#### Exercise directions
Copy out, exactly, the first line of the entries below and every line after it through the one containing "line L4 (0, 0) -> (0, -7.6)".

(Data section)

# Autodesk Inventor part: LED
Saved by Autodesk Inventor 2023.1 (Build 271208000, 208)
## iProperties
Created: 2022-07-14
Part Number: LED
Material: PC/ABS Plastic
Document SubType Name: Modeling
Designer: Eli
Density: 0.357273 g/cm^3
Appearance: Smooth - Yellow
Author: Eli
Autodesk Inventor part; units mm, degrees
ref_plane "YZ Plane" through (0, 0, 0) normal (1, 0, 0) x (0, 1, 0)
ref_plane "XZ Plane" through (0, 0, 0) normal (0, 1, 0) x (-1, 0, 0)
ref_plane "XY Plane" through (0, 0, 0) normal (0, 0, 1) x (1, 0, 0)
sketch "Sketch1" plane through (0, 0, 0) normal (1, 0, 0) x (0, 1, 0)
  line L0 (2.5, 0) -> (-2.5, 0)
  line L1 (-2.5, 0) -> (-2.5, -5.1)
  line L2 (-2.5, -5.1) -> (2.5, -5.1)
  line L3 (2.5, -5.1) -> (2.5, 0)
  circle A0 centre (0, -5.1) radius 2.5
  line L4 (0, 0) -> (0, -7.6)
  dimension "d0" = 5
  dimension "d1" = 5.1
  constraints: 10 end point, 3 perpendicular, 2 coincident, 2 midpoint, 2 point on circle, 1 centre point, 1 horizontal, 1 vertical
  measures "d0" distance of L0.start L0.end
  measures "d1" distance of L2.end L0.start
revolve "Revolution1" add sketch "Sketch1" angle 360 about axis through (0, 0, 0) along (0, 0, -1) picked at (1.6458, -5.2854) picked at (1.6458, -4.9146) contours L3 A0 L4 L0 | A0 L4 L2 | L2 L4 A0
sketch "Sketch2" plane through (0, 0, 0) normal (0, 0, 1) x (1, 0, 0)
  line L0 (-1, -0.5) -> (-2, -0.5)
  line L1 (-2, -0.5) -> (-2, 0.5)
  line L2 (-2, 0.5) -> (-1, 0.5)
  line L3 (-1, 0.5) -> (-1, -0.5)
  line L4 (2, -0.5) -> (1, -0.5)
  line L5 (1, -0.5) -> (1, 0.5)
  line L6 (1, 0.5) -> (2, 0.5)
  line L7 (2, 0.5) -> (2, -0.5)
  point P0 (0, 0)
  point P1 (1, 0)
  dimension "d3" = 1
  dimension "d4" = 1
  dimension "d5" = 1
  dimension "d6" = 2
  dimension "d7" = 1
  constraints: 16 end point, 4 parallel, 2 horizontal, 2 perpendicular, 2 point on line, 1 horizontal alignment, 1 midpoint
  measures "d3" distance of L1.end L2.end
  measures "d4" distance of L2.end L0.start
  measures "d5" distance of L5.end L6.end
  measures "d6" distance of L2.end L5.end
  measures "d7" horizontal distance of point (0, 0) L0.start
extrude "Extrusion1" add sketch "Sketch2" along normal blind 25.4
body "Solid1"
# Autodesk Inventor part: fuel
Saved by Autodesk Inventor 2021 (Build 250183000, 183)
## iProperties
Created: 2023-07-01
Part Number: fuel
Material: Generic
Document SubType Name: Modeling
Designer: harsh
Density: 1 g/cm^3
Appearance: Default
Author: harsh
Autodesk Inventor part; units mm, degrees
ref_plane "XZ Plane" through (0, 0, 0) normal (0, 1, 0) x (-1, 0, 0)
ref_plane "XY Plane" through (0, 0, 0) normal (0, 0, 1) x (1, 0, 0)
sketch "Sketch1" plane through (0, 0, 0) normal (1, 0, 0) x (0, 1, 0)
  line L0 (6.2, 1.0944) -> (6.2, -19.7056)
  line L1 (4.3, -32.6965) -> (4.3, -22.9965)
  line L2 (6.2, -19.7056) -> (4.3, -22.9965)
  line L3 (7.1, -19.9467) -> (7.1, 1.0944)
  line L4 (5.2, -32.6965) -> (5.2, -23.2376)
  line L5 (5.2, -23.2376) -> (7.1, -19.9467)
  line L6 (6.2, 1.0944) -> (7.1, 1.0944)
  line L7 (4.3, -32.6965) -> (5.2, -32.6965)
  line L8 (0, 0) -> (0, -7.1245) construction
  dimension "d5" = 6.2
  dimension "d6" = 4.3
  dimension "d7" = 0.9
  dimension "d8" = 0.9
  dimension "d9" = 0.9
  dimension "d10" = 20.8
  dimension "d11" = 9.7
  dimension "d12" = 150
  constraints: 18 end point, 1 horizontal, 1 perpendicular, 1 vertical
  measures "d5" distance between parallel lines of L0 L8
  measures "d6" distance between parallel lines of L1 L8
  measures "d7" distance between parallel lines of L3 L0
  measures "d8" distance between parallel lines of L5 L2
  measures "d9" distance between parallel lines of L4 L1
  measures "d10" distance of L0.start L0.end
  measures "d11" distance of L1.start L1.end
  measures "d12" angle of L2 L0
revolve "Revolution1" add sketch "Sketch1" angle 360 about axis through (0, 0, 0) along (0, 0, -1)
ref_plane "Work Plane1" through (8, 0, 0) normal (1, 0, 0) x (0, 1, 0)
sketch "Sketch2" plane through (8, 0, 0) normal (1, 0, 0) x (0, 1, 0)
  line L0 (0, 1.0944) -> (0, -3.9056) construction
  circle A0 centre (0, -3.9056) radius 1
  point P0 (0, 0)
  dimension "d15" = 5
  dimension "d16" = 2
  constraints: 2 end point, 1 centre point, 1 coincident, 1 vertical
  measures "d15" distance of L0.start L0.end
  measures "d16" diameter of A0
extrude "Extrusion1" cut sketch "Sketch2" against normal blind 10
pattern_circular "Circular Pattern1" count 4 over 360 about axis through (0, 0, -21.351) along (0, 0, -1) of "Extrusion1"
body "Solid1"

(End Data section)

#### Solution to this exercise
# Autodesk Inventor part: LED
Saved by Autodesk Inventor 2023.1 (Build 271208000, 208)
## iProperties
Created: 2022-07-14
Part Number: LED
Material: PC/ABS Plastic
Document SubType Name: Modeling
Designer: Eli
Density: 0.357273 g/cm^3
Appearance: Smooth - Yellow
Author: Eli
Autodesk Inventor part; units mm, degrees
ref_plane "YZ Plane" through (0, 0, 0) normal (1, 0, 0) x (0, 1, 0)
ref_plane "XZ Plane" through (0, 0, 0) normal (0, 1, 0) x (-1, 0, 0)
ref_plane "XY Plane" through (0, 0, 0) normal (0, 0, 1) x (1, 0, 0)
sketch "Sketch1" plane through (0, 0, 0) normal (1, 0, 0) x (0, 1, 0)
  line L0 (2.5, 0) -> (-2.5, 0)
  line L1 (-2.5, 0) -> (-2.5, -5.1)
  line L2 (-2.5, -5.1) -> (2.5, -5.1)
  line L3 (2.5, -5.1) -> (2.5, 0)
  circle A0 centre (0, -5.1) radius 2.5
  line L4 (0, 0) -> (0, -7.6)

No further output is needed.